MAT 1061 Partial Differential Equations II (Spring 2016)

Instructor: Prof. Robert (Bob) Haslhofer

Contact Information: roberth(at)math(dot)toronto(dot)edu, BA6208, 8-4632

Lectures: Tuesday 11--1 and Thursday 11--12 in BA6183

Office Hours: Monday 2--4 (or by appointment) in BA6208


Course Description: This is a sequel to MAT 1060. The focus will be on elliptic and parabolic PDEs.

Topics to be covered:
1. Elliptic equations: Calculus of Variations, Existence of Minimizers, Regularity (Hilberts 19th problem), Lagrange multipliers, Mountain Pass lemma, applications to semilinear elliptic PDEs, Pohozaev identity, Plateau's problem, Surfaces of prescribed curvature.
2. Parabolic equations: Existence of weak solutions for linear parabolic equations, integral estimates, maximum principle, fixed points theorems and existence for nonlinear equations, Li-Yau Harnack inequality, curve shortening flow, short time existence, derivative estimates, Huisken's monotonicity formula, Hamilton's Harnack inequality, distance comparison principle, convergence theorem.

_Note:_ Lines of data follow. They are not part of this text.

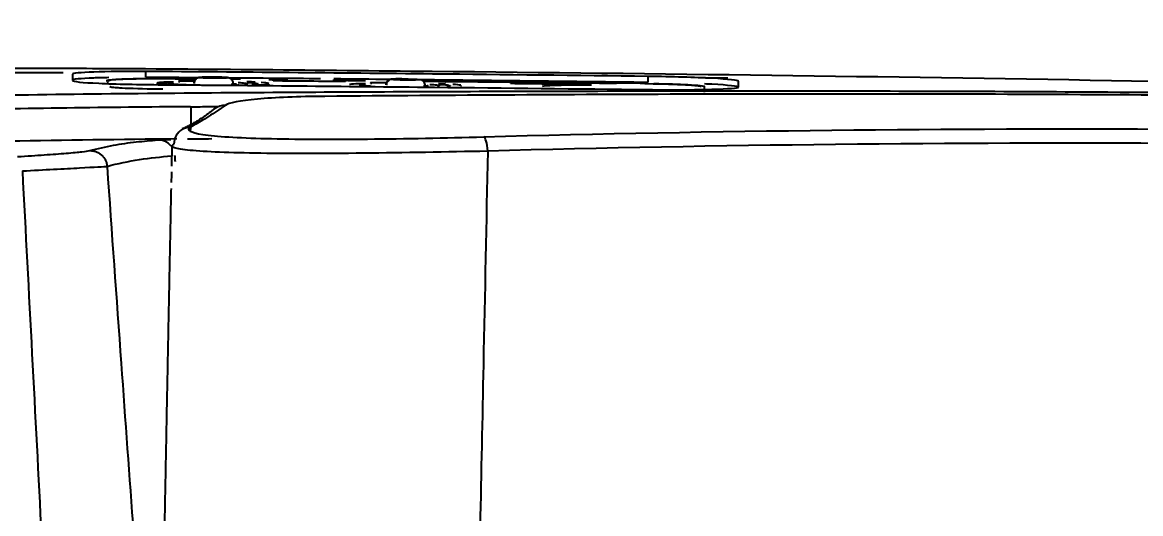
# Model space of a CAD drawing. Extents: x 2897 to 9100, y -47 to 2481.
# Drawn here: x 6670.5 to 6769.5, y 1861.4 to 1904.9 of the extents above; entities that cross this region are included whole.
import ezdxf

# ---------------------------------------------------------------- set-up
doc = ezdxf.new("R2010")
doc.units = 0
doc.header["$LTSCALE"] = 20
doc.header["$MEASUREMENT"] = 0
doc.layers.get('0').update_dxf_attribs({"linetype": 'CONTINUOUS'})
doc.layers.get('DEFPOINTS').update_dxf_attribs({"linetype": 'CONTINUOUS'})
doc.layers.add('1', color=7, linetype='CONTINUOUS')
doc.styles.get("Standard").update_dxf_attribs({"font": 'NanumGothic.ttf'})
doc.dimstyles.get("Standard").update_dxf_attribs({"dimtxt": 2.7, "dimasz": 2.5, "dimexe": 1.5, "dimexo": 1.5, "dimgap": 1.5, "dimtad": 1, "dimdec": 0, "dimlfac": 10, "dimzin": 0, "dimdsep": 46, "dimtxsty": 'Standard', "dimcen": 0, "dimclrt": 2, "dimadec": 0, "dimazin": 0, "dimtfac": 1, "dimtdec": 0, "dimtmove": 0, "dimatfit": 3, "dimfxl": 0, "dimtolj": 1, "dimtzin": 0, "dimarcsym": 0})

# ---------------------------------------------------------------- blocks, each defined once
blk = doc.blocks.new('*D14')
at = {"color": 3, "lineweight": -2}
for p, q in [((6485.218, 1702.273), (6485.218, 1982.175)), ((7209.483, 1702.273), (7209.483, 1982.175)), ((6505.218, 1977.175), (7189.483, 1977.175))]:
    blk.add_line(p, q, dxfattribs=at)
at = {"color": 3}
for points in [[(6505.218, 1980.508), (6505.218, 1973.841), (6485.218, 1977.175)], [(7189.483, 1980.508), (7189.483, 1973.841), (7209.483, 1977.175)]]:
    blk.add_solid(points, dxfattribs=at)
at = {"layer": 'DEFPOINTS', "color": 0}
for p in [(7209.483, 1977.175), (6485.218, 1700.773), (7209.483, 1700.773)]:
    blk.add_point(p, dxfattribs=at)
at = {"color": 2, "insert": (6847.35, 2003.505), "char_height": 30, "attachment_point": 5}
blk.add_mtext('\\A1;725', dxfattribs=at)
blk = doc.blocks.new('A$C429C0A1F')
at = {"layer": '1', "color": 0}
for p, q in [((399.235, 527.926), (399.736, 527.926)), ((398.713, 525.948), (398.555, 525.948)), ((398.713, 525.948), (398.555, 525.948)), ((398.864, 525.027), (398.858, 524.983)), ((398.864, 525.027), (398.858, 524.983)), ((398.494, 519.905), (398.667, 519.905)), ((398.494, 519.905), (398.667, 519.905)), ((398.542, 517.955), (398.651, 517.955)), ((398.542, 517.955), (398.651, 517.955)), ((398.932, 515.426), (398.886, 515.426)), ((398.932, 515.426), (398.886, 515.426)), ((398.563, 508.948), (398.384, 508.948)), ((398.563, 508.948), (398.384, 508.948)), ((398.71, 508.027), (398.705, 507.983)), ((398.71, 508.027), (398.705, 507.983)), ((398.454, 499.974), (398.471, 499.955)), ((398.794, 483.426), (399.294, 483.426)), ((397.894, 478.426), (398.405, 478.426)), ((398.367, 475.426), (398.867, 475.426))]:
    blk.add_line(p, q, dxfattribs=at)
for centre, major_axis, ratio, start_param, end_param in [((398.726, 531.126), (0, 0.2), 0.999163, 4.70745, 6.283185), ((398.726, 531.126), (0, 0.2), 0.999163, 4.70745, 6.283185), ((393.307, 523.94), (1.3, 0.749), 0.990202, 6.27163, 7.335707), ((393.307, 523.94), (1.3, 0.749), 0.990202, 5.770456, 6.27163), ((398.681, 523.156), (0.487, -0.112), 0.982493, 0.221214, 1.792079), ((398.681, 523.156), (0.487, -0.112), 0.982493, 0.221214, 1.792079), ((395.235, 520.913), (1.225, 0.866), 0.988984, 5.64841, 6.28017), ((398.52, 506.139), (0.493, -0.085), 0.968907, 0.165868, 1.736672), ((398.52, 506.139), (0.493, -0.085), 0.968907, 0.165868, 1.736672), ((392.452, 497.963), (-1.499, -0.042), 0.226161, 1.718714, 3.09417)]:
    blk.add_ellipse(centre, major_axis=major_axis, ratio=ratio, start_param=start_param, end_param=end_param, dxfattribs=at)
for points, knots in [([(393.76, 525.181), (393.706, 530.135), (393.586, 540.715), (393.193, 557.162), (392.395, 574.885), (390.867, 593.516), (388.13, 612.39), (382.98, 632.998), (374.603, 651.575), (362.635, 666.414), (351.092, 676.124), (337.243, 684.808), (320.723, 692.311), (301.283, 698.541), (281.421, 703.041), (261.243, 706.204), (240.839, 708.239), (220.398, 709.396), (206.779, 709.525), (200.006, 709.589)], [0, 0, 0, 0, 0.047496, 0.101465, 0.158754, 0.219453, 0.283486, 0.344977, 0.426954, 0.479725, 0.52727, 0.569318, 0.632406, 0.694258, 0.7554, 0.816656, 0.878101, 0.939373, 1, 1, 1, 1]), ([(394.703, 595.806), (395.013, 592.854), (395.623, 587.042), (396.263, 578.417), (396.747, 570.048), (397.097, 561.937), (397.355, 554.089), (397.689, 540.338), (397.886, 521.093), (397.996, 495.544), (398.04, 470.371), (397.968, 447.358), (397.805, 427.317), (397.589, 409.866), (397.369, 398.283), (397.26, 392.564)], [0, 0, 0, 0, 0.045181, 0.088951, 0.131312, 0.17225, 0.211761, 0.249847, 0.379425, 0.50016, 0.629546, 0.749964, 0.835403, 0.918733, 1, 1, 1, 1]), ([(393.51, 595.213), (395.35, 578.984), (395.987, 562.488), (396.49, 538.587), (396.584, 531.281), (396.646, 523.95)], [0, 0, 0, 0, 0.695209, 0.695209, 1, 1, 1, 1]), ([(397.595, 385.271), (398.157, 404.303), (398.58, 423.34), (399.266, 462.439), (399.519, 482.498), (399.829, 512.591), (399.935, 522.623), (399.992, 535.445), (400, 538.237), (400, 541.029)], [0, 0, 0, 0, 0.366692, 0.366692, 0.753057, 0.753057, 0.94624, 0.94624, 1, 1, 1, 1]), ([(392.204, 539.285), (392.229, 538.869), (392.279, 538.047), (392.355, 536.906), (392.429, 535.865), (392.524, 534.65), (392.633, 533.418), (392.696, 533.071), (392.728, 532.897)], [0, 0, 0, 0, 0.126081, 0.249489, 0.373141, 0.49994, 0.749855, 1, 1, 1, 1]), ([(390.935, 538.86), (391.039, 536.9), (391.134, 535.116), (391.274, 532.464), (391.318, 531.607), (391.334, 531.358)], [0, 0, 0, 0, 0.5, 0.5, 1, 1, 1, 1]), ([(398.928, 534.426), (398.841, 534.426), (398.754, 533.561), (398.62, 530.612), (398.574, 528.54), (398.56, 526.426)], [0, 0, 0, 0, 0.5, 0.5, 1, 1, 1, 1]), ([(399.001, 534.426), (399.072, 534.426), (399.138, 533.723), (399.196, 532.133), (399.208, 531.689), (399.217, 531.209)], [0, 0, 0, 0, 0.753448, 0.753448, 1, 1, 1, 1]), ([(399.736, 527.926), (399.746, 529.644), (399.726, 531.323), (399.639, 533.721), (399.572, 534.426), (399.502, 534.426)], [0, 0, 0, 0, 0.5, 0.5, 1, 1, 1, 1]), ([(392.728, 532.897), (392.898, 532.195), (393.233, 530.817), (393.512, 528.8), (393.624, 527.484), (393.679, 526.84)], [0, 0, 0, 0, 0.346674, 0.679948, 1, 1, 1, 1]), ([(391.334, 531.358), (385.518, 530.942), (374.699, 530.17), (363.88, 529.383), (358.878, 529.019)], [0, 0, 0, 0, 0.537593, 1, 1, 1, 1]), ([(398.413, 531.125), (398.363, 531.125), (398.31, 530.615), (398.23, 528.881), (398.202, 527.667), (398.194, 526.425)], [0, 0, 0, 0, 0.5, 0.5, 1, 1, 1, 1]), ([(398.391, 531.093), (398.348, 530.969), (398.305, 530.489), (398.23, 528.881), (398.202, 527.667), (398.194, 526.425)], [0, 0, 0, 0, 0.460617, 0.460617, 1, 1, 1, 1]), ([(399.09, 526.425), (399.099, 527.667), (399.085, 528.884), (399.023, 530.617), (398.976, 531.125), (398.925, 531.125)], [0, 0, 0, 0, 0.5, 0.5, 1, 1, 1, 1]), ([(399.09, 526.425), (399.099, 527.667), (399.085, 528.884), (399.023, 530.617), (398.976, 531.125), (398.925, 531.125)], [0, 0, 0, 0, 0.5, 0.5, 1, 1, 1, 1]), ([(398.927, 531.426), (398.981, 531.426), (399.032, 530.886), (399.097, 529.042), (399.112, 527.747), (399.103, 526.426)], [0, 0, 0, 0, 0.5, 0.5, 1, 1, 1, 1]), ([(399.294, 483.426), (399.371, 489.793), (399.441, 496.159), (399.594, 510.992), (399.683, 519.459), (399.736, 527.926)], [0, 0, 0, 0, 0.429206, 0.429206, 1, 1, 1, 1]), ([(393.679, 526.84), (393.686, 526.731), (393.699, 526.514), (393.715, 526.075), (393.724, 525.785), (393.726, 525.719)], [0, 0, 0, 0, 0.441237, 0.878146, 1, 1, 1, 1]), ([(398.56, 526.426), (398.507, 518.398), (398.422, 510.369), (398.274, 496.035), (398.204, 489.731), (398.129, 483.426)], [0, 0, 0, 0, 0.560135, 0.560135, 1, 1, 1, 1]), ([(398.539, 524.841), (398.544, 524.975), (398.549, 525.105), (398.591, 526.092), (398.636, 526.673), (398.696, 526.921), (398.708, 526.947), (398.719, 526.947)], [0, 0, 0, 0, 0.103407, 0.103407, 0.818564, 0.818564, 1, 1, 1, 1]), ([(398.549, 525.094), (398.55, 525.14), (398.552, 525.185), (398.591, 526.092), (398.636, 526.673), (398.696, 526.921), (398.708, 526.947), (398.719, 526.947)], [0, 0, 0, 0, 0.039566, 0.039566, 0.805645, 0.805645, 1, 1, 1, 1]), ([(398.814, 526.325), (398.816, 526.298), (398.818, 526.263), (398.82, 526.179), (398.821, 526.13), (398.822, 526.027), (398.822, 525.971), (398.822, 525.859), (398.821, 525.801), (398.819, 525.694), (398.818, 525.642), (398.814, 525.552), (398.813, 525.511), (398.81, 525.473), (398.81, 525.467), (398.809, 525.461)], [0, 0, 0, 0, 0.161519, 0.161519, 0.323073, 0.323073, 0.484909, 0.484909, 0.64657, 0.64657, 0.807581, 0.807581, 0.968542, 0.968542, 1, 1, 1, 1]), ([(398.814, 526.325), (398.816, 526.298), (398.818, 526.263), (398.82, 526.179), (398.821, 526.13), (398.822, 526.027), (398.822, 525.971), (398.822, 525.859), (398.821, 525.801), (398.819, 525.694), (398.818, 525.642), (398.814, 525.552), (398.813, 525.511), (398.81, 525.473), (398.81, 525.467), (398.809, 525.461)], [0, 0, 0, 0, 0.161519, 0.161519, 0.323073, 0.323073, 0.484909, 0.484909, 0.64657, 0.64657, 0.807581, 0.807581, 0.968542, 0.968542, 1, 1, 1, 1]), ([(399.069, 523.498), (399.073, 524.007), (399.077, 524.517), (399.084, 525.492), (399.087, 525.959), (399.09, 526.425)], [0, 0, 0, 0, 0.522106, 0.522106, 1, 1, 1, 1]), ([(399.069, 523.498), (399.073, 524.007), (399.077, 524.517), (399.084, 525.492), (399.087, 525.959), (399.09, 526.425)], [0, 0, 0, 0, 0.522106, 0.522106, 1, 1, 1, 1]), ([(392.682, 497.634), (392.6, 501.269), (392.534, 505.058), (392.462, 512.205), (392.458, 515.538), (392.544, 520.925), (392.637, 522.996), (392.846, 524.846), (392.929, 525.265), (393.06, 525.558), (393.103, 525.605), (393.148, 525.607)], [0, 0, 0, 0, 0.26787, 0.26787, 0.53574, 0.53574, 0.80361, 0.80361, 0.937545, 0.937545, 1, 1, 1, 1]), ([(398.713, 525.947), (398.704, 525.948), (398.694, 525.928), (398.666, 525.813), (398.648, 525.66), (398.613, 525.225), (398.596, 524.937), (398.567, 524.269), (398.554, 523.88), (398.534, 523.054), (398.527, 522.606), (398.518, 521.714), (398.517, 521.258), (398.519, 520.678), (398.52, 520.529), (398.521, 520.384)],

Assignments: Problem Set 1, Problem Set 2, Problem Set 3, Problem Set 4

Main References: The main textbook is "Partial Differential Equations" by L.C. Evans.
I'll also provide lecture notes for selected topics: Schauder estimates, Moser iteration, Curve shortening flow

Secondary References:
D. Gilbarg, N.S. Trudinger: Elliptic Partial Differential Equations of Second Order, Springer, 2001
G.M. Lieberman: Second Order Parabolic Differential Equations, World Scientific Publishing, 1996
M. Struwe: Variational Methods. Applications to nonlinear PDEs and Hamiltonian systems, Springer, 2008
M. Taylor: Partial Differential Equations III. Nonlinear Equations, Springer, 1996
L. Simon: Schauder estimates by scaling, Calc. Var. PDE 5, no.5, 391--407, 1997
M. Struwe: Plateau's problem and the calculus of variations, Princeton University Press, 1988
B. Osgood, R. Phillips, P. Sarnak: Extremals of Determinants of Laplacians, J. Funct. Anal. 80, no.1, 148--211, 1988
P. Li, S.T. Yau: On the parabolic kernel of the Schrödinger operator, Acta Math. 156, no. 3--4, 153--201, 1986
G. Huisken: A distance comparison principle for evolving curves, Asian J. Math. 2, no.1, 127--133, 1998

Grading Scheme: Attendance and participation 15%, Assignments 35%, Exam 50%

Final Exam: Monday, April 11 from 3pm--6pm in BA6183.